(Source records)
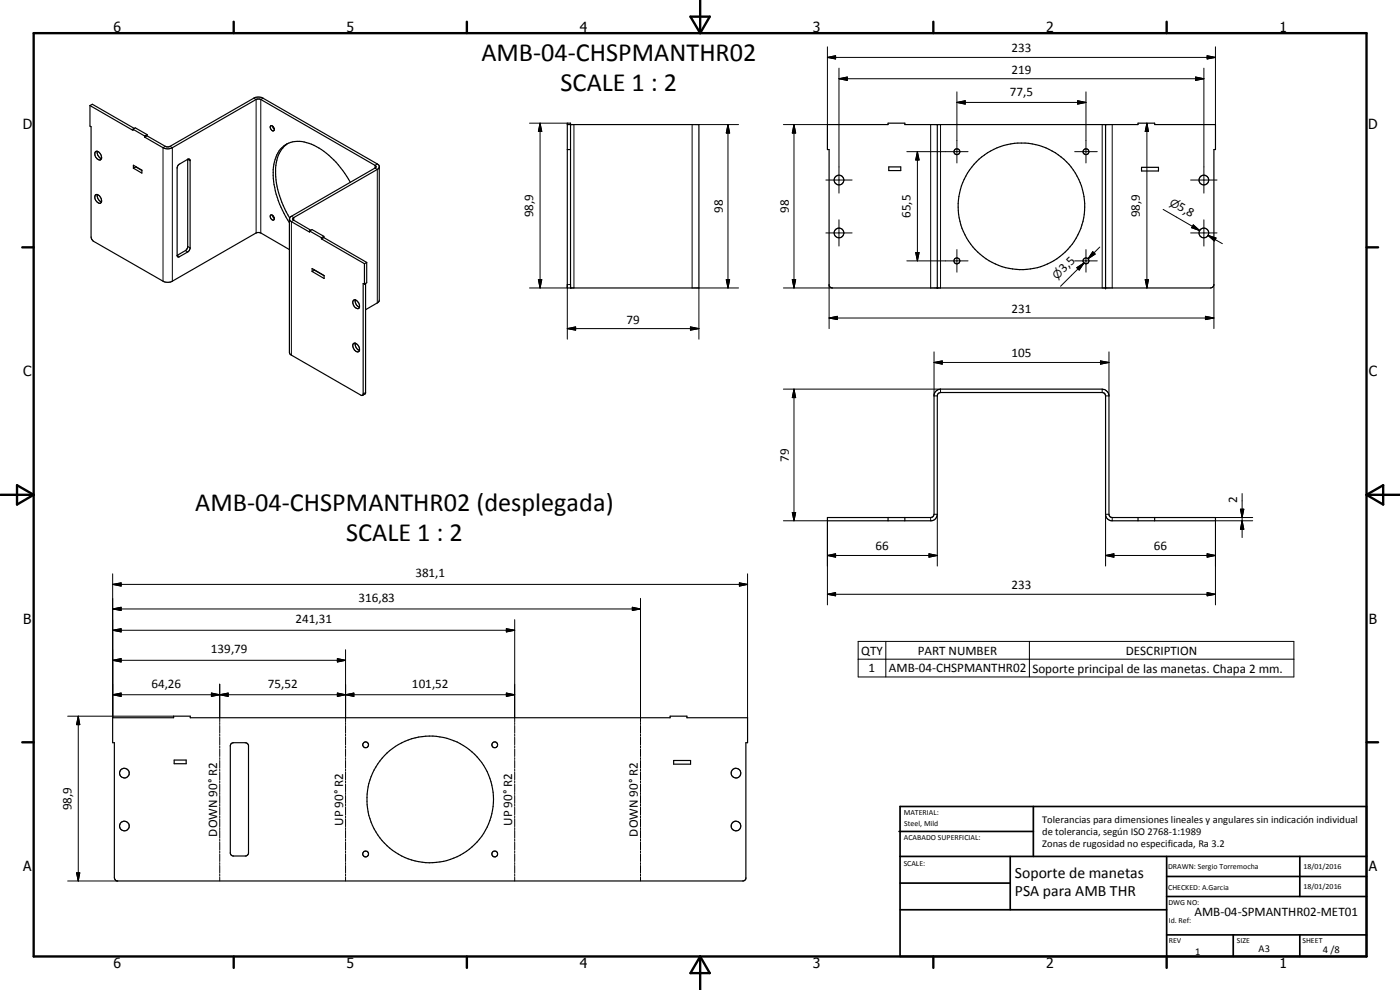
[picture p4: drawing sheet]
<svg xmlns="http://www.w3.org/2000/svg" width="420mm" height="297mm" viewBox="0 0 420 297" stroke-linecap="round" stroke-linejoin="round" font-family="sans-serif">
<g fill="none" stroke="#000" stroke-width=".35">
<path d="M27 31.7v6.1l.3 .2v33.1l.2 .7 .6 .6 20.8 12 1.3 .3 1.5-.3 25.5-14.6 1.1 .1 8.6 5M27 31.7l.7-.4 12.6 7.2M27 31.7l12.9 7.4v-.3M39.9 38.8l.7-.4 3.5 2M39.9 38.8l3.5 2M81.3 37.7a.92 .92 0 0 1 .9 .5 .92 .92 0 0 1-.2 1.1 1.11 1.11 0 0 1-.7-1.6zM81.8 37.8l.5 .9M170.3 37.4h39.5v49h-39.5v-49.4h.9v49.4M248.3 37.4h18.2v-.4h5.1v.4h69.9v-.4h5v.4h18.3v7.5h-.5l-.1 41-.3 .3-.6 .2h-113.5l-.6-.2-.4-.6v-40.7h-.5zM281.3 37.4v49M331.8 37.4v49M28.6 58.5a1.1 1.1 0 0 1 1.6 .8 1 1 0 0 1-.2 1.7 1.85 1.85 0 0 1-1.4-2.5z"/>
<path d="M28.6 45.6a1.19 1.19 0 0 1 1.7 1l.2 .8-.4 .6a1.75 1.75 0 0 1-1.5-2.4zM29.2 45.4a1.98 1.98 0 0 0 1.2 2.2M29.2 58.4a2.14 2.14 0 0 0 1.2 2.2M40 49.6l2.6 1.5v.8l-2.6-1.4zM40.8 50v.1M40.8 50.1l1.8 1M40.8 50.1l-.8 .4M43.4 41.1l5.5 3.2a3 3 0 0 0 2.8 0l25.2-14.5 1-.1 34.9 20.1v.4l-.2 .2-25.4 14.6-.3 .4M43.4 40.8v.3M44.1 40.8l5.5 3.1 1.1 .2 25.4-14.6 1.6-.4 1.2 .4 34.6 19.9 .3 .5v40.4l-.4 .5-3.7 2.1M44.1 40.4v.4M44.1 40.4l-.7 .4"/>
<path d="M44.1 40.8l-.7 .3M53.5 49.5l2.8-1.7h.5l.3 .2v26.5l-.8 1.1-2.8 1.5-.3-.3v-26.6zM56.3 47.8v26.4l-.5 .9-2.6 1.5M86.3 43.1a9.8 9.8 0 0 0-3.6 9.1 27.4 27.4 0 0 0 4.2 13.2M105.1 54.7a23.7 23.7 0 0 0-13.1-11.9 7.3 7.3 0 0 0-9.8 6.5 25.9 25.9 0 0 0 4.7 17.5M113.8 50.1l-.6 .7-25.3 14.7v.4l.3 .2 5.1 3M170.3 44.9h.9M266.7 50.1h3.6v1.1h-3.6zM342.6 50.2h5.1v1.1h-5.1zM81.2 64.6a.92 .92 0 0 1 .9 .4 .92 .92 0 0 1 0 1 1.06 1.06 0 0 1-.9-1.4zM81.8 64.6l.5 .9M86.9 65.8l.5 .7 5.5 3.1v-.3"/>
<path d="M86.9 65.4v40.7l21.6 12.6 .4-.1 .1-.2v-33.4l.4 .3M92.9 69.3l.7-.4 3.6 2M92.9 69.3l3.6 2M96.5 71.7l12.9 7.4M96.5 71.3v.4M97.2 71.3l12.9 7.4M97.2 70.9v.4M97.2 70.9l-.7 .4M97.2 71.3l-.7 .4M109.4 79.1v6.2M110.1 78.7v6.1l-.7 .5M110.1 78.7l-.7 .4"/>
<path d="M93.7 80.6l3.6 2.1v.9l-3.6-2.2zM94.4 81v.1M94.4 81.1l2.9 1.6M94.4 81.1l-.7 .3M106.2 90a1.65 1.65 0 0 1 1.4 2.6 1.7 1.7 0 0 1-1.4-2.6zM106.6 90a2.1 2.1 0 0 0 1.3 2.2M109.7 85v32.9l-.9 .7M106 103.1a1.6 1.6 0 0 1 1.8 2.2 .93 .93 0 0 1-1.6-.5l-.3-1zM106.6 103a2.09 2.09 0 0 0 1.3 2.2M280.7 117.5l.9-.6 .7-.1h48.5a2.09 2.09 0 0 1 2 2v35.7a.95 .95 0 0 0 1 .8h31v1h-31.4l-1.1-.7-.5-1v-35.8l-.2-.6-.8-.4-49 .1-.3 .3-.2 .6v35.5l-.5 1.3-1.2 .7h-31.3v-1h31a1 1 0 0 0 1-1v-35.9zM266.5 155.3v1M271.6 155.3v1"/>
<path d="M341.5 155.3v1M346.5 155.3v1M33.8 215.3h18.3v-.4h5v.4h144v-.4h5.1v.4h18.2v7.5h-.6v41l-.7 .5h-188l-.4-.1-.4-.8v-40.6h-.5zM52.3 228h3.6v1.2h-3.6zM69.3 223.2l.8-.4h3.5l.6 .3 .4 .5v32.5l-.8 .7h-3.9l-.8-.7v-32.5zM202.2 228.2h5.1v1.1h-5.1z"/>
<circle cx="251.8" cy="54" r="1.45"/>
<circle cx="287.2" cy="45.5" r=".88"/>
<circle cx="325.9" cy="45.5" r=".86"/>
<circle cx="361.3" cy="54" r="1.45"/>
<circle cx="251.8" cy="69.9" r="1.45"/>
<circle cx="287.2" cy="78.3" r=".89"/>
<circle cx="306.5" cy="61.9" r="19"/>
<circle cx="325.9" cy="78.3" r=".89"/>
<circle cx="361.3" cy="69.9" r="1.47"/>
<circle cx="37.3" cy="231.9" r="1.46"/>
<circle cx="109.7" cy="223.5" r=".88"/>
<circle cx="129.1" cy="239.9" r="19"/>
<circle cx="148.5" cy="223.5" r=".88"/>
<circle cx="220.9" cy="232" r="1.45"/>
<circle cx="37.3" cy="247.8" r="1.45"/>
<circle cx="109.7" cy="256.2" r=".88"/>
<circle cx="148.5" cy="256.2" r=".87"/>
<circle cx="220.9" cy="247.8" r="1.45"/>
</g>
<g fill="none" stroke="#000" stroke-width=".3">
<path d="M248.3 17.2l2.5-.5v1zM248.3 14.1v23.3h-13.2M248.3 17.2h116.5M362.3 16.7l2.5 .5-2.5 .5zM364.8 14.1v23.3M76.1 29.5l.8 .3v40.1M78.9 29.5l-.6 .3v40.1M158.9 37h11.4M162.1 37l.5 2.5h-1zM162.1 37v49.4M172.2 37.4v49M207.7 37.4v49"/>
<path d="M209.8 37.4h11.8M218.5 37.4l.5 2.5h-1zM218.5 37.4v49M238.3 37.4l.5 2.5h-1zM238.3 37.4v49M251.8 23.6l2.5-.5v1zM251.8 20.4v37.6M251.8 23.6h109.5M279.3 37.4v49M282.3 37.4v49M287.2 30.7l2.5-.5v1zM287.2 27.6v21.3"/>
<path d="M287.2 30.7h38.7M323.4 30.2l2.5 .5-2.5 .5zM325.9 27.6v21.3M330.8 37.4v49M333.8 37.4v49M344.2 37l.5 2.5h-1zM344.2 37v49.4M358.8 23.1l2.5 .5-2.5 .5zM361.3 20.4v37.6M49.6 43.9l-.7 .4v40.1M51 43.9l.7 .4v40.1M56.3 47.8l.8 .4"/>
<path d="M113.2 49.2l-.6 .4v.8l.6 .4v40.1M247.9 54h7.8M272.1 45.5h18.4M275.3 45.5l.5 2.5h-1zM275.3 45.5v32.8M322.5 45.5h6.8M357.3 54h7.9M53.2 76.6l.7 .4M55.7 75.2l.6 .4M56.3 74l.8 .4M87.4 64.9l.8 .4v.8l-.8 .4v40.1M247.9 69.9h7.8"/>
<path d="M251.8 66v7.8M272.1 78.3h18.4M274.8 75.8h1l-.5 2.5zM287.2 74.9v6.8M322.5 78.3h6.8M325.3 78.9l-1.8 1.7M325.3 78.9l-7 7M325.9 74.9v6.8M327.9 75.5l.8 .7-2.2 1.4zM330.1 74.1l-3.6 3.5M349.1 62.8l10.9 6.4M357.3 69.9h7.9"/>
<path d="M357.9 67.9l2.1 1.3M358.1 67.5l1.9 1.7-2.4-.9zM361.3 66v7.8M362.5 70.6l2.4 .8-.5 .9zM362.5 70.6l4.3 2.5M158.9 86.4h11.4M161.6 83.9h1l-.5 2.5zM170.3 98.6l2.5-.5v1zM170.3 98.6h39.5M171.2 85.4h-.9v16.4M207.2 98.1l2.6 .5-2.6 .5zM218 83.9h1l-.5 2.5z"/>
<path d="M221.6 86.4h-11.8v15.4M235.1 86.4h14.7M237.8 83.9h1l-.5 2.5zM248.8 95.4l2.5-.5v1zM248.8 95.4h115.5M248.8 85.4v13.2M323.2 80.3l2.1-1.4-1.4 2.1zM343.7 83.9h1l-.5 2.5zM361.8 94.9l2.5 .5-2.5 .5zM364.3 85.4v13.2M109.7 117.8l-.7 .4M235.1 116.8h47.2v1"/>
<path d="M238.3 116.8l.5 2.5h-1zM238.3 116.8v39.5M280.3 108.8l2.5-.5v1zM280.3 105.6v13.2h1M280.3 108.8h52.5M330.3 108.3l2.5 .5-2.5 .5zM330.8 116.8v1M332.8 105.6v13.2h-1M235.1 156.3h13.2v25.2M237.8 153.8h1l-.5 2.5zM279.3 155.3v1M280.3 154.3h1v15.5"/>
<path d="M332.8 154.3h-1v15.5M333.8 155.3v1M364.8 155.3h11.2M372.3 152.8h1l-.5 2.5zM372.8 156.3l.5 2.5h-1zM372.8 148.1v13.2M376 156.3h-11.2v25.2M33.8 175.3l2.6-.4v1zM33.8 172.2v43.1M33.8 175.3h190.6M192.2 179.5v37M221.9 174.9l2.5 .4-2.5 .6z"/>
<path d="M224.4 172.2v43.1M248.3 166.7l2.5-.5v1zM248.3 178.3l2.5-.5v1zM248.3 166.7h33M248.3 178.3h116.5M278.8 166.2l2.5 .5-2.5 .5zM331.8 166.7l2.5-.5v1zM331.8 166.7h33M362.3 166.2l2.5 .5-2.5 .5zM362.3 177.8l2.5 .5-2.5 .5zM33.8 198.1l2.6-.5v1zM33.8 189.1l2.6-.5v1z"/>
<path d="M33.8 182.7l2.6-.5v1zM33.8 198.1h69.9M33.8 189.1h120.7M33.8 182.7h158.4M101.2 197.6l2.5 .5-2.5 .5zM103.7 194.9v21.6M152 188.6l2.5 .5-2.5 .5zM154.5 185.9v30.6M189.8 182.2l2.4 .5-2.4 .5zM257.5 192.4h130.8v10.7h-130.8zM257.5 197.8h130.8M265.8 192.4v10.7"/>
<path d="M308.9 192.4v10.7M20.3 214.9h31.8M23.5 214.9l.4 2.5h-.9zM23.5 214.9v49.4M33.8 208.4l2.6-.5v1.1zM33.8 208.4h120.7M63.4 207.9l2.5 .5-2.5 .6zM65.9 208.4l2.6-.5v1.1zM65.9 205.3v11.2M65.9 216.8v.6M65.9 217.7v2.3M101.2 207.9l2.5 .5-2.5 .6z"/>
<path d="M103.7 208.4l2.5-.5v1.1zM103.7 216.8v.6M103.7 217.7v2.3M152 207.9l2.5 .5-2.5 .6zM154.5 216.8v.6M154.5 217.7v2.3M192.2 216.8v.6M192.2 217.7v2.3M65.9 220.3v.6M65.9 221.2v2.3M65.9 223.8v.6M65.9 224.7v2.3"/>
<path d="M65.9 227.3v.6M65.9 228.2v2.3M65.9 230.8v.6M65.9 231.7v2.3M65.9 234.3v.6M65.9 235.2v2.3M65.9 237.8v.6M65.9 238.7v2.3M103.7 220.3v.6M103.7 221.2v2.3M103.7 223.8v.6M103.7 224.7v2.3"/>
<path d="M103.7 227.3v.6M103.7 228.2v2.3M103.7 230.8v.6M103.7 231.7v2.3M103.7 234.3v.6M103.7 235.2v2.3M103.7 237.8v.6M103.7 238.7v2.3M154.5 220.3v.6M154.5 221.2v2.3M154.5 223.8v.6M154.5 224.7v2.3"/>
<path d="M154.5 227.3v.6M154.5 228.2v2.3M154.5 230.8v.6M154.5 231.7v2.3M154.5 234.3v.6M154.5 235.2v2.3M154.5 237.8v.6M154.5 238.7v2.3M192.2 220.3v.6M192.2 221.2v2.3M192.2 223.8v.6M192.2 224.7v2.3"/>
<path d="M192.2 227.3v.6M192.2 228.2v2.3M192.2 230.8v.6M192.2 231.7v2.3M192.2 234.3v.6M192.2 235.2v2.3M192.2 237.8v.6M192.2 238.7v2.3M65.9 241.3v.6M65.9 242.2v2.3M65.9 244.8v.6M65.9 245.7v2.3"/>
<path d="M65.9 248.3v.6M65.9 249.2v2.3M65.9 251.8v.6M65.9 252.7v2.3M65.9 255.3v.6M65.9 256.2v2.3M65.9 258.8v.6M65.9 259.7v2.3M103.7 241.3v.6M103.7 242.2v2.3M103.7 244.8v.6M103.7 245.7v2.3"/>
<path d="M103.7 248.3v.6M103.7 249.2v2.3M103.7 251.8v.6M103.7 252.7v2.3M103.7 255.3v.6M103.7 256.2v2.3M103.7 258.8v.6M103.7 259.7v2.3M154.5 241.3v.6M154.5 242.2v2.3M154.5 244.8v.6M154.5 245.7v2.3"/>
<path d="M154.5 248.3v.6M154.5 249.2v2.3M154.5 251.8v.6M154.5 252.7v2.3M154.5 255.3v.6M154.5 256.2v2.3M154.5 258.8v.6M154.5 259.7v2.3M192.2 241.3v.6M192.2 242.2v2.3M192.2 244.8v.6M192.2 245.7v2.3"/>
<path d="M192.2 248.3v.6M192.2 249.2v2.3M192.2 251.8v.6M192.2 252.7v2.3M192.2 255.3v.6M192.2 256.2v2.3M192.2 258.8v.6M192.2 259.7v2.3M20.3 264.3h15M23 261.9h.9l-.4 2.4zM65.9 262.3v.6M65.9 263.2v1.1"/>
<path d="M103.7 262.3v.6M103.7 263.2v1.1M154.5 262.3v.6M154.5 263.2v1.1M192.2 262.3v.6M192.2 263.2v1.1"/>
</g>
<g fill="#000">
<circle cx="331.8" cy="37.4" r=".18"/>
<circle cx="56.3" cy="47.8" r=".18"/>
<circle cx="331.8" cy="86.4" r=".18"/>
</g>
<g fill="none" stroke="#000" stroke-width=".71">
<path d="M10.1 9.9h400v277.1h-400zM70.1 6.5v3.4M140.1 6.5v3.4M207.2 5h5.8l-2.9 4.9zM210.1 0v9.9M280.1 6.5v3.4M350.1 6.5v3.4M6.7 74.2h3.4M410.1 74.2h3.5M.1 148.5h10M5.1 145.6l5 2.9-5 2.9zM410.1 148.5h10"/>
<path d="M410.1 148.5l5-2.9v5.8zM6.7 222.7h3.4M410.1 222.7h3.5M70.1 287v3.4M140.1 287v3.4M210.1 287v10M210.1 287l2.9 5h-5.8zM280.1 287v3.4M350.1 287v3.4"/>
</g>
<g fill="none" stroke="#000" stroke-width=".51">
<path d="M269.8 249.5h40.3M270.1 242h140v45h-140zM270.1 257h140M303.2 257v16M310.1 242v15M350.1 257v30M390.1 257v12M270.1 265h33.1M270.1 273h80M350.1 269h60M350.1 263h60M350.1 280.5h60"/>
<path d="M370.1 280.5v6.5M390.1 280.5v6.5"/>
</g>
<g fill="#000">
<path d="M248.3 17.2l2.5-.5v1zM362.3 16.7l2.5 .5-2.5 .5zM162.1 37l.5 2.5h-1zM218.5 37.4l.5 2.5h-1zM238.3 37.4l.5 2.5h-1zM251.8 23.6l2.5-.5v1zM287.2 30.7l2.5-.5v1zM323.4 30.2l2.5 .5-2.5 .5zM344.2 37l.5 2.5h-1zM358.8 23.1l2.5 .5-2.5 .5zM275.3 45.5l.5 2.5h-1zM274.8 75.8h1l-.5 2.5z"/>
<path d="M327.9 75.5l.8 .7-2.2 1.4zM358.1 67.5l1.9 1.7-2.4-.9zM362.5 70.6l2.4 .8-.5 .9zM161.6 83.9h1l-.5 2.5zM170.3 98.6l2.5-.5v1zM207.2 98.1l2.6 .5-2.6 .5zM218 83.9h1l-.5 2.5zM237.8 83.9h1l-.5 2.5zM248.8 95.4l2.5-.5v1zM323.2 80.3l2.1-1.4-1.4 2.1zM343.7 83.9h1l-.5 2.5zM361.8 94.9l2.5 .5-2.5 .5z"/>
<path d="M238.3 116.8l.5 2.5h-1zM280.3 108.8l2.5-.5v1zM330.3 108.3l2.5 .5-2.5 .5zM237.8 153.8h1l-.5 2.5zM372.3 152.8h1l-.5 2.5zM372.8 156.3l.5 2.5h-1zM33.8 175.3l2.6-.4v1zM221.9 174.9l2.5 .4-2.5 .6zM248.3 166.7l2.5-.5v1zM248.3 178.3l2.5-.5v1zM278.8 166.2l2.5 .5-2.5 .5zM331.8 166.7l2.5-.5v1z"/>
<path d="M362.3 166.2l2.5 .5-2.5 .5zM362.3 177.8l2.5 .5-2.5 .5zM33.8 198.1l2.6-.5v1zM33.8 189.1l2.6-.5v1zM33.8 182.7l2.6-.5v1zM101.2 197.6l2.5 .5-2.5 .5zM152 188.6l2.5 .5-2.5 .5zM189.8 182.2l2.4 .5-2.4 .5zM23.5 214.9l.4 2.5h-.9zM33.8 208.4l2.6-.5v1.1zM63.4 207.9l2.5 .5-2.5 .6zM65.9 208.4l2.6-.5v1.1z"/>
<path d="M101.2 207.9l2.5 .5-2.5 .6zM103.7 208.4l2.5-.5v1.1zM152 207.9l2.5 .5-2.5 .6zM23 261.9h.9l-.4 2.4z"/>
</g>
<g font-size="7.9">
<text x="144.5" y="18.2">AMB-04-CHSPMANTHR02</text>
<text x="168.3" y="27.2">SCALE 1 : 2</text>
<text x="58.6" y="153.4">AMB-04-CHSPMANTHR02 (desplegada)</text>
<text x="103.9" y="162.4">SCALE 1 : 2</text>
</g>
<g font-size="4.7">
<text x="304.6" y="263.5">Soporte de manetas</text>
<text x="304.6" y="268.9">PSA para AMB THR</text>
</g>
<g font-size="4.2">
<text x="34" y="9.6">6</text>
<text x="104" y="9.6">5</text>
<text x="174" y="9.6">4</text>
<text x="244" y="9.6">3</text>
<text x="314" y="9.6">2</text>
<text x="384" y="9.6">1</text>
<text x="6.8" y="38.7">D</text>
<text x="410.6" y="38.7">D</text>
<text x="7" y="112.9">C</text>
<text x="410.8" y="112.9">C</text>
<text x="7" y="187.1">B</text>
<text x="410.8" y="187.1">B</text>
<text x="7" y="261.4">A</text>
<text x="410.8" y="261.4">A</text>
<text x="34" y="290.4">6</text>
<text x="104" y="290.4">5</text>
<text x="174" y="290.4">4</text>
<text x="244" y="290.4">3</text>
<text x="314" y="290.4">2</text>
<text x="384" y="290.4">1</text>
</g>
<g font-size="3.9">
<text x="303.6" y="15.7">233</text>
<text x="303.6" y="22.1">219</text>
<text x="303.1" y="28.7">77,5</text>
<text x="160" y="65.2" transform="rotate(-90 160 65.2)">98,9</text>
<text x="216.9" y="63.9" transform="rotate(-90 216.9 63.9)">98</text>
<text x="236.7" y="63.9" transform="rotate(-90 236.7 63.9)">98</text>
<text x="273.2" y="65.4" transform="rotate(-90 273.2 65.4)">65,5</text>
<text x="342.1" y="65.2" transform="rotate(-90 342.1 65.2)">98,9</text>
<text x="353.2" y="62.8" transform="rotate(30 353.2 62.8)">5,8</text>
<text x="319.3" y="81.9" transform="rotate(-45 319.3 81.9)">3,5</text>
<text x="303.6" y="93.9">231</text>
<text x="188" y="97.1">79</text>
<text x="303.6" y="107.2">105</text>
<text x="236.7" y="138.6" transform="rotate(-90 236.7 138.6)">79</text>
<text x="371.3" y="150.8" transform="rotate(-90 371.3 150.8)">2</text>
<text x="262.8" y="165.1">66</text>
<text x="346.3" y="165.1">66</text>
<text x="124.7" y="173.3">381,1</text>
<text x="303.6" y="176.7">233</text>
<text x="107.6" y="180.6">316,83</text>
<text x="88.7" y="187.1">241,31</text>
<text x="63.3" y="196">139,79</text>
<text x="258.4" y="196.4">QTY</text>
<text x="275.4" y="196.4">PART NUMBER</text>
<text x="337.9" y="196.4">DESCRIPTION</text>
<text x="260.7" y="201.7">1</text>
<text x="266.7" y="201.7">AMB-04-CHSPMANTHR02</text>
<text x="309.8" y="201.8">Soporte principal de las manetas. Chapa 2 mm.</text>
<text x="45.5" y="206.4">64,26</text>
<text x="80.4" y="206.4">75,52</text>
<text x="123.6" y="206.4">101,52</text>
<text x="21.4" y="243.1" transform="rotate(-90 21.4 243.1)">98,9</text>
<text x="65.2" y="251" transform="rotate(-90 65.2 251)">DOWN 90° R2</text>
<text x="102.9" y="247.8" transform="rotate(-90 102.9 247.8)">UP 90° R2</text>
<text x="153.7" y="247.8" transform="rotate(-90 153.7 247.8)">UP 90° R2</text>
<text x="191.5" y="251" transform="rotate(-90 191.5 251)">DOWN 90° R2</text>
<text x="358.5" y="275">AMB-04-SPMANTHR02-MET01</text>
</g>
<g font-size="3.3">
<text x="350.8" y="61.4" transform="rotate(30 350.8 61.4)">n</text>
<text x="317.3" y="83.9" transform="rotate(-45 317.3 83.9)">n</text>
</g>
<g font-size="3.1">
<text x="312.7" y="246.8">Tolerancias para dimensiones lineales y angulares sin indicación individual</text>
<text x="312.7" y="250.4">de tolerancia, según ISO 2768-1:1989</text>
<text x="312.7" y="254">Zonas de rugosidad no especificada, Ra 3.2</text>
<text x="358.7" y="286.5">1</text>
<text x="377.7" y="285.6">A3</text>
<text x="397" y="285.9">4 /8</text>
</g>
<g font-size="2.4">
<text x="271.2" y="244.4">MATERIAL:</text>
<text x="271.3" y="252">ACABADO SUPERFICIAL:</text>
<text x="271.4" y="247.9">Steel, Mild</text>
<text x="271.2" y="259.7">SCALE:</text>
<text x="350.6" y="260.8">DRAWN: Sergio Torremocha</text>
<text x="391.2" y="260.6">18/01/2016</text>
<text x="350.6" y="267">CHECKED: A.Garcia</text>
<text x="391.2" y="266.7">18/01/2016</text>
<text x="350.6" y="271.4">DWG NO:</text>
<text x="350.8" y="276.9">Id. Ref:</text>
<text x="350.8" y="282.8">REV</text>
<text x="371.2" y="282.9">SIZE</text>
<text x="390.9" y="282.9">SHEET</text>
</g>
</svg>

▶ TASK PROMPT
Within the data above, the lines from the one with "192.4v10.7M20.3 214.9h31.8M23.5 214.9l.4" to the one with "248.3v.6M65.9 249.2v2.3M65.9 251.8v.6M65.9" must be repeated exactly; no other line belongs in the answer.

▶ ANSWER BELOW
<path d="M308.9 192.4v10.7M20.3 214.9h31.8M23.5 214.9l.4 2.5h-.9zM23.5 214.9v49.4M33.8 208.4l2.6-.5v1.1zM33.8 208.4h120.7M63.4 207.9l2.5 .5-2.5 .6zM65.9 208.4l2.6-.5v1.1zM65.9 205.3v11.2M65.9 216.8v.6M65.9 217.7v2.3M101.2 207.9l2.5 .5-2.5 .6z"/>
<path d="M103.7 208.4l2.5-.5v1.1zM103.7 216.8v.6M103.7 217.7v2.3M152 207.9l2.5 .5-2.5 .6zM154.5 216.8v.6M154.5 217.7v2.3M192.2 216.8v.6M192.2 217.7v2.3M65.9 220.3v.6M65.9 221.2v2.3M65.9 223.8v.6M65.9 224.7v2.3"/>
<path d="M65.9 227.3v.6M65.9 228.2v2.3M65.9 230.8v.6M65.9 231.7v2.3M65.9 234.3v.6M65.9 235.2v2.3M65.9 237.8v.6M65.9 238.7v2.3M103.7 220.3v.6M103.7 221.2v2.3M103.7 223.8v.6M103.7 224.7v2.3"/>
<path d="M103.7 227.3v.6M103.7 228.2v2.3M103.7 230.8v.6M103.7 231.7v2.3M103.7 234.3v.6M103.7 235.2v2.3M103.7 237.8v.6M103.7 238.7v2.3M154.5 220.3v.6M154.5 221.2v2.3M154.5 223.8v.6M154.5 224.7v2.3"/>
<path d="M154.5 227.3v.6M154.5 228.2v2.3M154.5 230.8v.6M154.5 231.7v2.3M154.5 234.3v.6M154.5 235.2v2.3M154.5 237.8v.6M154.5 238.7v2.3M192.2 220.3v.6M192.2 221.2v2.3M192.2 223.8v.6M192.2 224.7v2.3"/>
<path d="M192.2 227.3v.6M192.2 228.2v2.3M192.2 230.8v.6M192.2 231.7v2.3M192.2 234.3v.6M192.2 235.2v2.3M192.2 237.8v.6M192.2 238.7v2.3M65.9 241.3v.6M65.9 242.2v2.3M65.9 244.8v.6M65.9 245.7v2.3"/>
<path d="M65.9 248.3v.6M65.9 249.2v2.3M65.9 251.8v.6M65.9 252.7v2.3M65.9 255.3v.6M65.9 256.2v2.3M65.9 258.8v.6M65.9 259.7v2.3M103.7 241.3v.6M103.7 242.2v2.3M103.7 244.8v.6M103.7 245.7v2.3"/>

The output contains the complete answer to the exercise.